* _Work task_: If an entry contains a picture, omit that picture and transcribe everything else exactly.

#### Input material ####

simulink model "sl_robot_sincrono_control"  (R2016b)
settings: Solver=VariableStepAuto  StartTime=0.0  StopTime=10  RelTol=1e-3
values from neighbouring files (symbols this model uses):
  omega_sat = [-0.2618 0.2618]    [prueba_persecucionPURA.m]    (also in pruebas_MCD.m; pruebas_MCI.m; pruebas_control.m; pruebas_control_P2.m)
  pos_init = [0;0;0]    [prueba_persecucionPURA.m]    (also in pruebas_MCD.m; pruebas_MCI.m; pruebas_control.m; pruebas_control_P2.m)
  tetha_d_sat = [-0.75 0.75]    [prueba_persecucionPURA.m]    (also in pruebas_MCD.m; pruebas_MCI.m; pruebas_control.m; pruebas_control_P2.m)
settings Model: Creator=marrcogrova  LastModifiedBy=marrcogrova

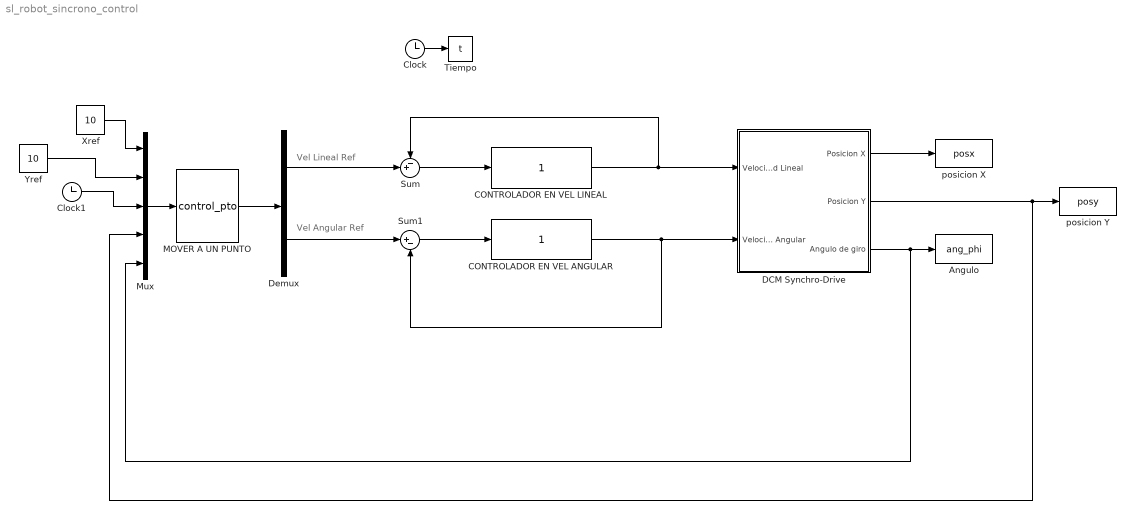
== system sl_robot_sincrono_control ==
  note: Vel Lineal Ref
  note: Vel Angular Ref
  Angulo : ToWorkspace  VariableName=ang_phi  SampleTime=-1
  CONTROLADOR EN VEL ANGULAR : MATLABFcn  MATLABFcn=1  OutputDimensions=1
  CONTROLADOR EN VEL LINEAL : MATLABFcn  MATLABFcn=1  OutputDimensions=1
  Clock : Clock
  Clock1 : Clock
  DCM Synchro-Drive : Subsystem
  Demux : Demux  Outputs=2
  MOVER A UN PUNTO : MATLABFcn  MATLABFcn=control_pto  OutputDimensions=2
  Mux : Mux  Inputs=5
  Sum : Sum  Inputs=-+|
  Sum1 : Sum  Inputs=|+-
  Tiempo : ToWorkspace  VariableName=t  SampleTime=-1
  Xref : Constant  Value=10
  Yref : Constant  Value=10
  posicion X : ToWorkspace  VariableName=posx  SampleTime=-1
  posicion Y : ToWorkspace  VariableName=posy  SampleTime=-1
  wires:
  Clock/1 -> Tiempo/1
  DCM Synchro-Drive/1(Posicion X) -> posicion X/1
  DCM Synchro-Drive/2(Posicion Y) -> Mux/4, posicion Y/1
  MOVER A UN PUNTO/1 -> Demux/1
  Mux/1 -> MOVER A UN PUNTO/1
  Xref/1 -> Mux/1
  Yref/1 -> Mux/2
  Clock1/1 -> Mux/3
  DCM Synchro-Drive/3(Angulo de giro) -> Mux/5, Angulo/1
  Demux/1 -> Sum/2
  Sum/1 -> CONTROLADOR EN VEL LINEAL/1
  Demux/2 -> Sum1/1
  Sum1/1 -> CONTROLADOR EN VEL ANGULAR/1
  CONTROLADOR EN VEL ANGULAR/1 -> DCM Synchro-Drive/2(Velocidad Angular), Sum1/2
  CONTROLADOR EN VEL LINEAL/1 -> Sum/1, DCM Synchro-Drive/1(Velocidad Lineal)

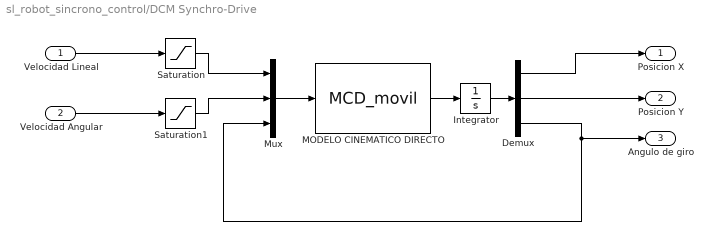
== system sl_robot_sincrono_control/DCM Synchro-Drive ==
  Velocidad Lineal : Inport
  Velocidad Angular : Inport  Port=2
  Demux : Demux  Outputs=3
  Integrator : Integrator  InitialCondition=pos_init
  MODELO CINEMATICO DIRECTO : MATLABFcn  MATLABFcn=MCD_movil  OutputDimensions=3
  Mux : Mux  Inputs=3
  Saturation : Saturate  UpperLimit=tetha_d_sat(2)  LowerLimit=tetha_d_sat(1)
  Saturation1 : Saturate  UpperLimit=omega_sat(2)  LowerLimit=omega_sat(1)
  Posicion X : Outport
  Posicion Y : Outport  Port=2
  Angulo de giro : Outport  Port=3
  wires:
  Integrator/1 -> Demux/1
  Demux/3 -> Angulo de giro/1, Mux/3
  Demux/1 -> Posicion X/1
  Demux/2 -> Posicion Y/1
  Mux/1 -> MODELO CINEMATICO DIRECTO/1
  MODELO CINEMATICO DIRECTO/1 -> Integrator/1
  Velocidad Lineal/1 -> Saturation/1
  Saturation/1 -> Mux/1
  Saturation1/1 -> Mux/2
  Velocidad Angular/1 -> Saturation1/1

####

* _Result for this exercise_:
simulink model "sl_robot_sincrono_control"  (R2016b)
settings: Solver=VariableStepAuto  StartTime=0.0  StopTime=10  RelTol=1e-3
values from neighbouring files (symbols this model uses):
  omega_sat = [-0.2618 0.2618]    [prueba_persecucionPURA.m]    (also in pruebas_MCD.m; pruebas_MCI.m; pruebas_control.m; pruebas_control_P2.m)
  pos_init = [0;0;0]    [prueba_persecucionPURA.m]    (also in pruebas_MCD.m; pruebas_MCI.m; pruebas_control.m; pruebas_control_P2.m)
  tetha_d_sat = [-0.75 0.75]    [prueba_persecucionPURA.m]    (also in pruebas_MCD.m; pruebas_MCI.m; pruebas_control.m; pruebas_control_P2.m)
settings Model: Creator=marrcogrova  LastModifiedBy=marrcogrova

== system sl_robot_sincrono_control ==
  note: Vel Lineal Ref
  note: Vel Angular Ref
  Angulo : ToWorkspace  VariableName=ang_phi  SampleTime=-1
  CONTROLADOR EN VEL ANGULAR : MATLABFcn  MATLABFcn=1  OutputDimensions=1
  CONTROLADOR EN VEL LINEAL : MATLABFcn  MATLABFcn=1  OutputDimensions=1
  Clock : Clock
  Clock1 : Clock
  DCM Synchro-Drive : Subsystem
  Demux : Demux  Outputs=2
  MOVER A UN PUNTO : MATLABFcn  MATLABFcn=control_pto  OutputDimensions=2
  Mux : Mux  Inputs=5
  Sum : Sum  Inputs=-+|
  Sum1 : Sum  Inputs=|+-
  Tiempo : ToWorkspace  VariableName=t  SampleTime=-1
  Xref : Constant  Value=10
  Yref : Constant  Value=10
  posicion X : ToWorkspace  VariableName=posx  SampleTime=-1
  posicion Y : ToWorkspace  VariableName=posy  SampleTime=-1
  wires:
  Clock/1 -> Tiempo/1
  DCM Synchro-Drive/1(Posicion X) -> posicion X/1
  DCM Synchro-Drive/2(Posicion Y) -> Mux/4, posicion Y/1
  MOVER A UN PUNTO/1 -> Demux/1
  Mux/1 -> MOVER A UN PUNTO/1
  Xref/1 -> Mux/1
  Yref/1 -> Mux/2
  Clock1/1 -> Mux/3
  DCM Synchro-Drive/3(Angulo de giro) -> Mux/5, Angulo/1
  Demux/1 -> Sum/2
  Sum/1 -> CONTROLADOR EN VEL LINEAL/1
  Demux/2 -> Sum1/1
  Sum1/1 -> CONTROLADOR EN VEL ANGULAR/1
  CONTROLADOR EN VEL ANGULAR/1 -> DCM Synchro-Drive/2(Velocidad Angular), Sum1/2
  CONTROLADOR EN VEL LINEAL/1 -> Sum/1, DCM Synchro-Drive/1(Velocidad Lineal)

== system sl_robot_sincrono_control/DCM Synchro-Drive ==
  Velocidad Lineal : Inport
  Velocidad Angular : Inport  Port=2
  Demux : Demux  Outputs=3
  Integrator : Integrator  InitialCondition=pos_init
  MODELO CINEMATICO DIRECTO : MATLABFcn  MATLABFcn=MCD_movil  OutputDimensions=3
  Mux : Mux  Inputs=3
  Saturation : Saturate  UpperLimit=tetha_d_sat(2)  LowerLimit=tetha_d_sat(1)
  Saturation1 : Saturate  UpperLimit=omega_sat(2)  LowerLimit=omega_sat(1)
  Posicion X : Outport
  Posicion Y : Outport  Port=2
  Angulo de giro : Outport  Port=3
  wires:
  Integrator/1 -> Demux/1
  Demux/3 -> Angulo de giro/1, Mux/3
  Demux/1 -> Posicion X/1
  Demux/2 -> Posicion Y/1
  Mux/1 -> MODELO CINEMATICO DIRECTO/1
  MODELO CINEMATICO DIRECTO/1 -> Integrator/1
  Velocidad Lineal/1 -> Saturation/1
  Saturation/1 -> Mux/1
  Saturation1/1 -> Mux/2
  Velocidad Angular/1 -> Saturation1/1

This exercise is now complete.